Si on considère que la semaine commence par le dimanche, alors mon premier visionnage sur grand écran d'un film de Tarkovski l'initie. Cinq jours plus tard, je décide enfin d'écrire ma première "critique" sur cet homme.
Le Miroir a également été mon tout premier Tarkovski. Je n'étais pas entièrement rentré dedans mais j'avais quand même ressenti cette sensation si fréquente et inexplicable, cette sensation de curiosité envers ce film, le besoin d'en connaître le sens caché (s'il en existe un). Alors j'ai commencé à m'intéresser de plus près à ses autres films, chaque visionnage me rapprochant de quelque chose que je n'arrivais toujours pas à saisir.
Selon beaucoup, ce film résume la filmographie et la vie de Tarkovski. Je n'ai pas encore vu tous ses films, et écrire sur ce personnage m'est assez difficile. Mais il y a des jours où les événements extérieurs rendent certaines choses essentielles. Et c'est le cas en ce vendredi soir car je me rends compte que pendant cette semaine, Le Miroir a constamment eu une influence pas seulement sur moi-même, mais également sur tout ce le monde, tout ce que je ne peux contrôler.
Ce film n'est pas vraiment un film, je le considère plus comme un poème révélateur de choses des plus vastes aux plus intimes sur la propre vie du spectateur. Et je me rends compte aujourd'hui de la chance infinie que j'ai eu d'avoir pu pénétrer dans l'univers de ce réalisateur, même si le chemin que j'ai à parcourir est encore très long.
En nous proposant le miroir de sa vie, Tarkovski nous offre le présent le plus précieux qu'on pourrait recevoir : il offre à chaque spectateur le miroir de sa propre vie, et bienheureux sont ceux qui se reconnaîtront.

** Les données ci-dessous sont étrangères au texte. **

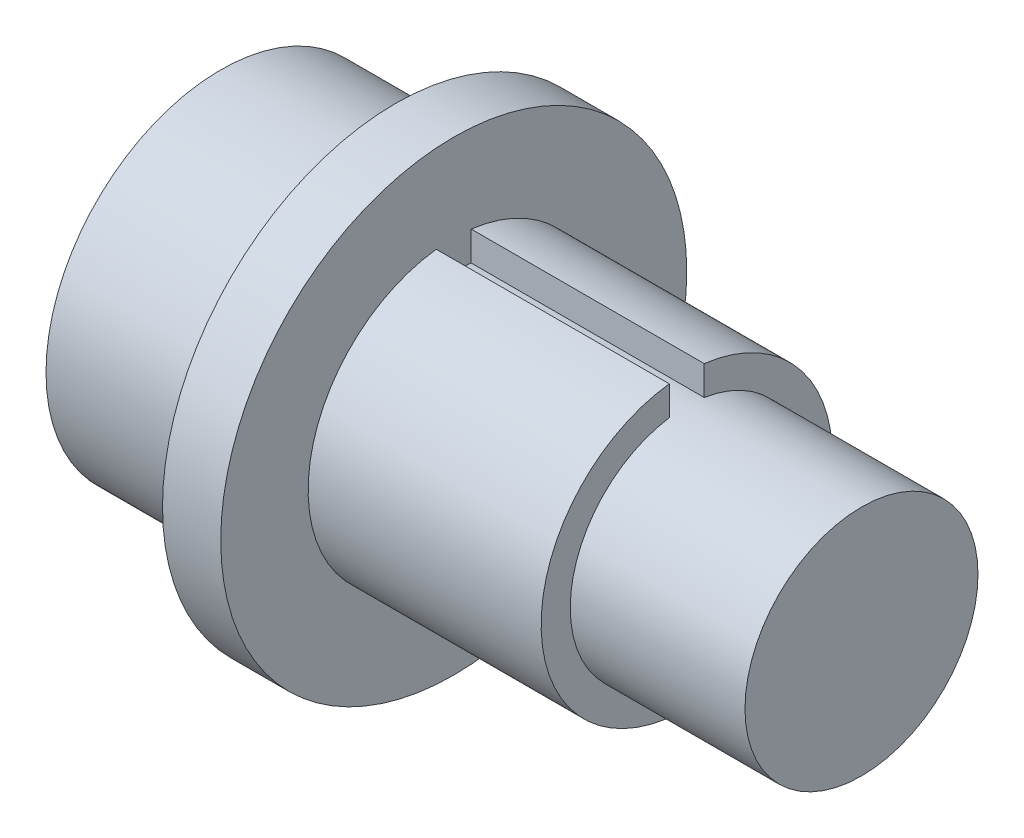
SolidWorks part; units mm, degrees
ref_plane "Front Plane" through (0, 0, 0) normal (0, 0, 1) x (1, 0, 0)
ref_plane "Top Plane" through (0, 0, 0) normal (0, 1, 0) x (1, 0, 0)
ref_plane "Right Plane" through (0, 0, 0) normal (1, 0, 0) x (0, 0, -1)
sketch "Sketch1" plane through (0, 0, 0) normal (0, 0, 1) x (1, 0, 0)
  line L0 (30, 30) -> (30, 40)
  line L1 (0, 0) -> (51.7159, 0)
  line L2 (0, 0) -> (0, 30)
  line L3 (0, 30) -> (30, 30)
  line L4 (30, 40) -> (40, 40)
  line L5 (40, 40) -> (40, 25)
  line L6 (40, 25) -> (80, 25)
  line L7 (110, 20) -> (110, 0)
  line L8 (110, 0) -> (51.7159, 0)
  line L9 (-14.6848, 0) -> (153.5516, 0) construction
  line L10 (80, 25) -> (80, 20)
  line L11 (80, 20) -> (110, 20)
  dimension "D1" = 30
  dimension "D2" = 10
  dimension "D3" = 10
  dimension "D4" = 30
  dimension "D5" = 70
  dimension "D6" = 40
  dimension "D7" = 25
  dimension "D8" = 5
revolve "Revolve2" add sketch "Sketch1" angle 360 about L9
sketch "Sketch2" plane through (80, 0, 0) normal (1, 0, 0) x (0, 0, -1)
  line L0 (-3, 24.8193) -> (-3, 19.7737)
  line L2 (3, 19.7737) -> (3, 24.8193)
  circle A0 centre (0, 0) radius 25 construction
  circle A1 centre (0, 0) radius 20 construction
  arc A2 (3, 24.8193) -> (-3, 24.8193) centre (0, 0) ccw
  arc A3 (3, 19.7737) -> (-3, 19.7737) centre (0, 0) ccw
  dimension "D1" = 6
  dimension "D2" = 3
extrude "Cut-Extrude1" cut sketch "Sketch2" against normal up to surface (40 mm away) up to face at (40, 0, 40)

L'écran du cinéma tient là son rôle le plus noble, celui pour lequel il a été crée.
S'il s'agissait du hasard, il ferait parfaitement bien les choses. Mais je ne crois plus au hasard, plus maintenant. Ou alors il prend le nom de génie (ou de dieu, ou de nature...). Je connais trop peu l'histoire de l'art pour en donner une définition précise, mais je suis convaincu que la puissance que ce génie artistique peut avoir sur nos états d'âme est inégalable dans le monde de la raison.
Tout dans Le Miroir se réfère à ma propre vie, mes propres réflexions, que ce soit de l'ombre de la perche (souhaitée ?) derrière Iouri qui n'arrive pas à parler jusqu'au narrateur qui dit qu'il voulait simplement être heureux. Et les poèmes de son propre père rendent le tout éternel, le transfert de la fibre artistique du père au fils s'effectuant en parfaite harmonie.
Tout ce film se passe de mots, de jugements et de commentaires, c'est un poème tout simplement. Il parlera à certains, pas à d'autres. Mais je souhaite du fond du coeur que tout le monde connaisse une expérience semblable avec n'importe quelle oeuvre.
J'ai passé la semaine la plus folle de ma vie, et elle a commencé par Le Miroir. Je ne sais donc pas si le hasard existe, mais l'art est bien réel. Et il concilie si bien toutes les formes de l'univers imperceptibles par l'être humain qu'il mérite amplement qu'on y consacre une vie entière. Je pensais en être intimement convaincu, mais ce n'était rien par rapport à ce que je pense aujourd'hui. Et ça n'est surement rien par rapport à ce que je penserai demain. Mais en voyageant entre futur et passé, Tarkovski arrête le temps pour nous montrer la beauté sous sa forme la plus pure. Cette grâce, seul un vrai artiste peut l'avoir. Or, en chacun de nous se cache un artiste et un génie. Et si on était convaincu de son existence, on se rendrait compte que notre monde est loin d'être noir. Alors je te remercie, ô grand Miroir, de m'avoir prouvé l'existence du rêve dans la réalité.